- Work to complete
Each line that holds the string "linetype" counts once. Say how many such lines the entries have, giving the number only.

- Data shown
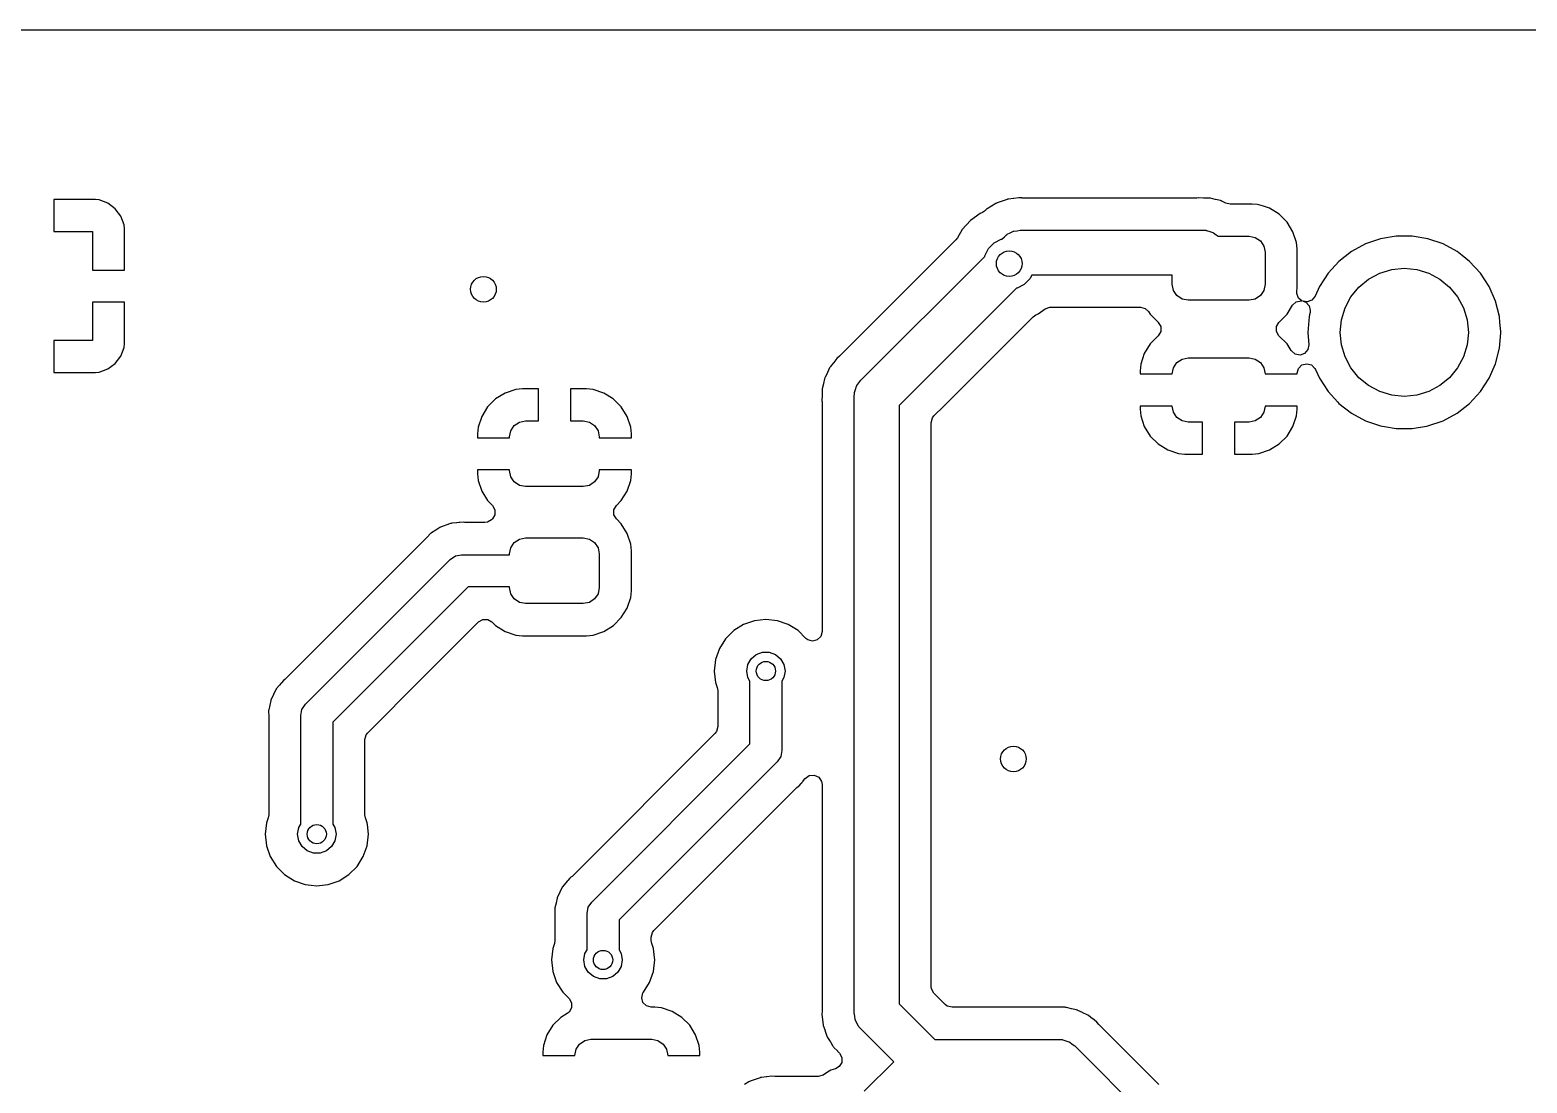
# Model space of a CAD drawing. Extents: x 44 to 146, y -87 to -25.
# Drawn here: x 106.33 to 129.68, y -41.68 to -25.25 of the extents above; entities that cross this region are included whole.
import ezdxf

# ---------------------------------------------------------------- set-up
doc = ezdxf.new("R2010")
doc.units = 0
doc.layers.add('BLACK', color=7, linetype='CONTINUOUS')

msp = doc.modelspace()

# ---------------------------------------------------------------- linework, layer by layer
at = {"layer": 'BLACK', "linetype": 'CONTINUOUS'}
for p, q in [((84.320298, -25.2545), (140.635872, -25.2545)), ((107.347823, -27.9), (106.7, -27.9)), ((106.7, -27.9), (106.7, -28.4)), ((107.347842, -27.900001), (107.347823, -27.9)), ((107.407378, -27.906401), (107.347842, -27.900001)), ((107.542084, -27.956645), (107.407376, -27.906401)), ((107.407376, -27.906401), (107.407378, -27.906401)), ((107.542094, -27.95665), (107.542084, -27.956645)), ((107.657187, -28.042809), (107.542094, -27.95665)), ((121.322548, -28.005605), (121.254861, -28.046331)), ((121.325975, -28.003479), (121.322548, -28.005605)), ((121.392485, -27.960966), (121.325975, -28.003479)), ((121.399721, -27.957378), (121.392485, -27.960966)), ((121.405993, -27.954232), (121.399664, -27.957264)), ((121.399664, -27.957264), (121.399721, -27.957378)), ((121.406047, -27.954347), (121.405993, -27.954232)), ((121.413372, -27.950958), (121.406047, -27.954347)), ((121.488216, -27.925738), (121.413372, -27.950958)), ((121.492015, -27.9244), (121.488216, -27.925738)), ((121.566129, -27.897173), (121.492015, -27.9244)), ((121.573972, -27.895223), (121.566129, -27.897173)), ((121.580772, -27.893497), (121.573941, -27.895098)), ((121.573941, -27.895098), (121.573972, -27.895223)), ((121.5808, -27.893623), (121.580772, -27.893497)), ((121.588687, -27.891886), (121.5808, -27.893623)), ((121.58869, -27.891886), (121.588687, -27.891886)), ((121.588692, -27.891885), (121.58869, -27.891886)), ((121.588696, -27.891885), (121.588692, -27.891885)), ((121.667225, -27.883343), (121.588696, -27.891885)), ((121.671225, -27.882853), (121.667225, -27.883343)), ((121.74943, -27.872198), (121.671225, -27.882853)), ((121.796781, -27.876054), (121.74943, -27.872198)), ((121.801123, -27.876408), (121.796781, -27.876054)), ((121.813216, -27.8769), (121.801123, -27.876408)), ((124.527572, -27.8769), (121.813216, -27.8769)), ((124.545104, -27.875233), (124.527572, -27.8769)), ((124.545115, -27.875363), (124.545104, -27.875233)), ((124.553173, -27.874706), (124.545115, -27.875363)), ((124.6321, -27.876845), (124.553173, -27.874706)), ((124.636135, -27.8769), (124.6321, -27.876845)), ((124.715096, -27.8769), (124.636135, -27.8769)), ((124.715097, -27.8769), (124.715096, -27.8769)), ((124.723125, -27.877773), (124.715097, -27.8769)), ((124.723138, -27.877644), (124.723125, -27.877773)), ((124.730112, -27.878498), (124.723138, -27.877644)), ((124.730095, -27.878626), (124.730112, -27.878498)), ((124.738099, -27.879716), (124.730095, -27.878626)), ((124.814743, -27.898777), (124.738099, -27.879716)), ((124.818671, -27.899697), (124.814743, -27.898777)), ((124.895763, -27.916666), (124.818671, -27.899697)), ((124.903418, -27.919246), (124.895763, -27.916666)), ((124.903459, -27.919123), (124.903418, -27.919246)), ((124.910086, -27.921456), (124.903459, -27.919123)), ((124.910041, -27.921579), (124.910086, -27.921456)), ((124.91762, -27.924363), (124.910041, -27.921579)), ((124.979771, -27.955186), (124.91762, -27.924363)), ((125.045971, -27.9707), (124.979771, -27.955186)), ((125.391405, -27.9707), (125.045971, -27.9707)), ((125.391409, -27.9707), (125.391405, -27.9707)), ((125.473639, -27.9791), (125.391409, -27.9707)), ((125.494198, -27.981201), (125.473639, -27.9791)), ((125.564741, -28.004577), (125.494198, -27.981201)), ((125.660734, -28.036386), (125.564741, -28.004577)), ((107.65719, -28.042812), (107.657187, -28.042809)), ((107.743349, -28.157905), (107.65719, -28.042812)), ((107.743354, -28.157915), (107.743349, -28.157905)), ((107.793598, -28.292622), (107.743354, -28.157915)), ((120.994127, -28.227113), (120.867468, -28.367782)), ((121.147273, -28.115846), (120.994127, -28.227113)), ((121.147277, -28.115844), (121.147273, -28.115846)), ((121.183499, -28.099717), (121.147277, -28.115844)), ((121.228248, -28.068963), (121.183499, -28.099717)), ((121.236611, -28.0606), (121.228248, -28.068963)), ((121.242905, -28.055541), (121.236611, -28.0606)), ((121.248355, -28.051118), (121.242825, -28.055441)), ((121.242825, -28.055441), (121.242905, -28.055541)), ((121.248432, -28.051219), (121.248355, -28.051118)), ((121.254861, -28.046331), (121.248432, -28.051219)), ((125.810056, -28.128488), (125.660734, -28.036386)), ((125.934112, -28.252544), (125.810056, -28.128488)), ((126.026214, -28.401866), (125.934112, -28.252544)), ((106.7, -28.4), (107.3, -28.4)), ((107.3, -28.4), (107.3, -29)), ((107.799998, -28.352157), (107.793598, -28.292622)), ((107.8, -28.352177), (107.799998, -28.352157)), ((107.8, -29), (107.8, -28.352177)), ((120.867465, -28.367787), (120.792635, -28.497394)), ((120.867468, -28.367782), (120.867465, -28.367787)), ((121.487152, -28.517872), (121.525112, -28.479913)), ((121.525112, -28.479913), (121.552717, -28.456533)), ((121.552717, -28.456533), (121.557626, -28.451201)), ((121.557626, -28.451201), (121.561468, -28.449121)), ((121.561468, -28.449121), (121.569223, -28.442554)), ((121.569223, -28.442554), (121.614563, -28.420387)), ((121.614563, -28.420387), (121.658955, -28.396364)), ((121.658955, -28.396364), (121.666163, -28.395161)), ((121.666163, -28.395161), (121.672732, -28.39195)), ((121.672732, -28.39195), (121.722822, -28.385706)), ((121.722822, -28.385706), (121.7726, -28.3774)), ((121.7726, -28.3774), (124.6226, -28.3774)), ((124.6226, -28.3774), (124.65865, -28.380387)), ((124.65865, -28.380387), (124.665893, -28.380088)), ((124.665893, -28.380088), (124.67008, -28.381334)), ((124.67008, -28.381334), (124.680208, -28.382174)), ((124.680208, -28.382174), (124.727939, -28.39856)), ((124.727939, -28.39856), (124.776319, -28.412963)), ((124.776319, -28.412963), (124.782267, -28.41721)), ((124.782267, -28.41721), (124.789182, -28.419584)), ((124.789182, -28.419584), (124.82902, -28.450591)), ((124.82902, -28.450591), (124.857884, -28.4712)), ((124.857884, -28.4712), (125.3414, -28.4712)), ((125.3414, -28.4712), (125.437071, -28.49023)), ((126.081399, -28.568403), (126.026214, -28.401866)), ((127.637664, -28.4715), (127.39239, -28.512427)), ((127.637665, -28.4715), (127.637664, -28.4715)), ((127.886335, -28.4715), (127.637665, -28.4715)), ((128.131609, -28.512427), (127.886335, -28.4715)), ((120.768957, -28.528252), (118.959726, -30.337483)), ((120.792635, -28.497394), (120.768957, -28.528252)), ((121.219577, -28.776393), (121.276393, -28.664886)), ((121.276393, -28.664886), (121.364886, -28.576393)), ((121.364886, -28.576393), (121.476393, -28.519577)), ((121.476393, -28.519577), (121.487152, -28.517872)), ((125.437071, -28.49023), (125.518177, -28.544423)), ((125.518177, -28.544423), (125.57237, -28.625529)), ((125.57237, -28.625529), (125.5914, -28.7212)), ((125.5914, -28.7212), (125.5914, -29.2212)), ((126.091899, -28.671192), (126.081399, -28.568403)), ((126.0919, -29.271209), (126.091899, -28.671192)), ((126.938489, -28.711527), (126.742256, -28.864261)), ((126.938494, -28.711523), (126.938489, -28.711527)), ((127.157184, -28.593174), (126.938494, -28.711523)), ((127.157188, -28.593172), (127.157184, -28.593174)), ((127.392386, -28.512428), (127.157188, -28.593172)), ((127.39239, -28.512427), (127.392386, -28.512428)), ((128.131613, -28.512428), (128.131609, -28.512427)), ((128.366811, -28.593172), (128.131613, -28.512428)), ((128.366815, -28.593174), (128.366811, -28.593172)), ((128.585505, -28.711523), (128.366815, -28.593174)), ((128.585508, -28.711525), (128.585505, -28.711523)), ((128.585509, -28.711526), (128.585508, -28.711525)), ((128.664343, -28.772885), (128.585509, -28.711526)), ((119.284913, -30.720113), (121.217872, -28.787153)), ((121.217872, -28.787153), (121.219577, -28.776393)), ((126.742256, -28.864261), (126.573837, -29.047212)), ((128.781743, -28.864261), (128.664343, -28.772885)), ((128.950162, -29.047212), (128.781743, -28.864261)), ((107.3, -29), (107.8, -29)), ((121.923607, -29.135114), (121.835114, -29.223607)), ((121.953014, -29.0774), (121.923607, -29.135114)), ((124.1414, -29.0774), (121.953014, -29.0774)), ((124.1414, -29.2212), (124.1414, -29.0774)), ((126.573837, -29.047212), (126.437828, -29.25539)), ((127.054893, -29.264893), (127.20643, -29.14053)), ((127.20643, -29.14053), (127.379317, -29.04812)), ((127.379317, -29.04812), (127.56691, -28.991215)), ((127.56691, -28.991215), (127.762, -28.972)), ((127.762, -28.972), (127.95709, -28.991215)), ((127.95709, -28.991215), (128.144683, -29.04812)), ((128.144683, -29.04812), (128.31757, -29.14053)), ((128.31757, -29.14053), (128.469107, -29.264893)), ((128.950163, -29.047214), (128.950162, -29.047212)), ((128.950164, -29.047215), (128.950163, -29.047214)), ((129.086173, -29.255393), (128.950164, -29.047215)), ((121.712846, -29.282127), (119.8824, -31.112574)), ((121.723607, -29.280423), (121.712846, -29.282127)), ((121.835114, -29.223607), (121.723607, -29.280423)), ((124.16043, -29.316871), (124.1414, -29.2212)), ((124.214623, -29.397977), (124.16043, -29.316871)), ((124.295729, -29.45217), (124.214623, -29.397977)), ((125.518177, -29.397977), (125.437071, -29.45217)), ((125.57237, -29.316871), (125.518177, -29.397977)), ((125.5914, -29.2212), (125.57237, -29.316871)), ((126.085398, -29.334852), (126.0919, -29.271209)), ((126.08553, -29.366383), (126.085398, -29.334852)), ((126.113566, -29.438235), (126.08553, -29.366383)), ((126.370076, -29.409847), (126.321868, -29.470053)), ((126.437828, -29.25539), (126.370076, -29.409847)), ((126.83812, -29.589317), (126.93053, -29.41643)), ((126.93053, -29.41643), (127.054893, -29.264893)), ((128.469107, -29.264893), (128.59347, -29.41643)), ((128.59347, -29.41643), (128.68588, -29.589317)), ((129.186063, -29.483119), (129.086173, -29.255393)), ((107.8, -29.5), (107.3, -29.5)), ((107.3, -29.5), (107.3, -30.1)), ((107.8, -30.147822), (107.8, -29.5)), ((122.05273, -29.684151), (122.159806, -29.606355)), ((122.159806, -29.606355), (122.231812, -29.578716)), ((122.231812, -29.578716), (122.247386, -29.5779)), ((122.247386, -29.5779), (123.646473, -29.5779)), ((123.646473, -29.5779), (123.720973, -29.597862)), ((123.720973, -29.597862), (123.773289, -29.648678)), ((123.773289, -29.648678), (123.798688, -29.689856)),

- Response area
2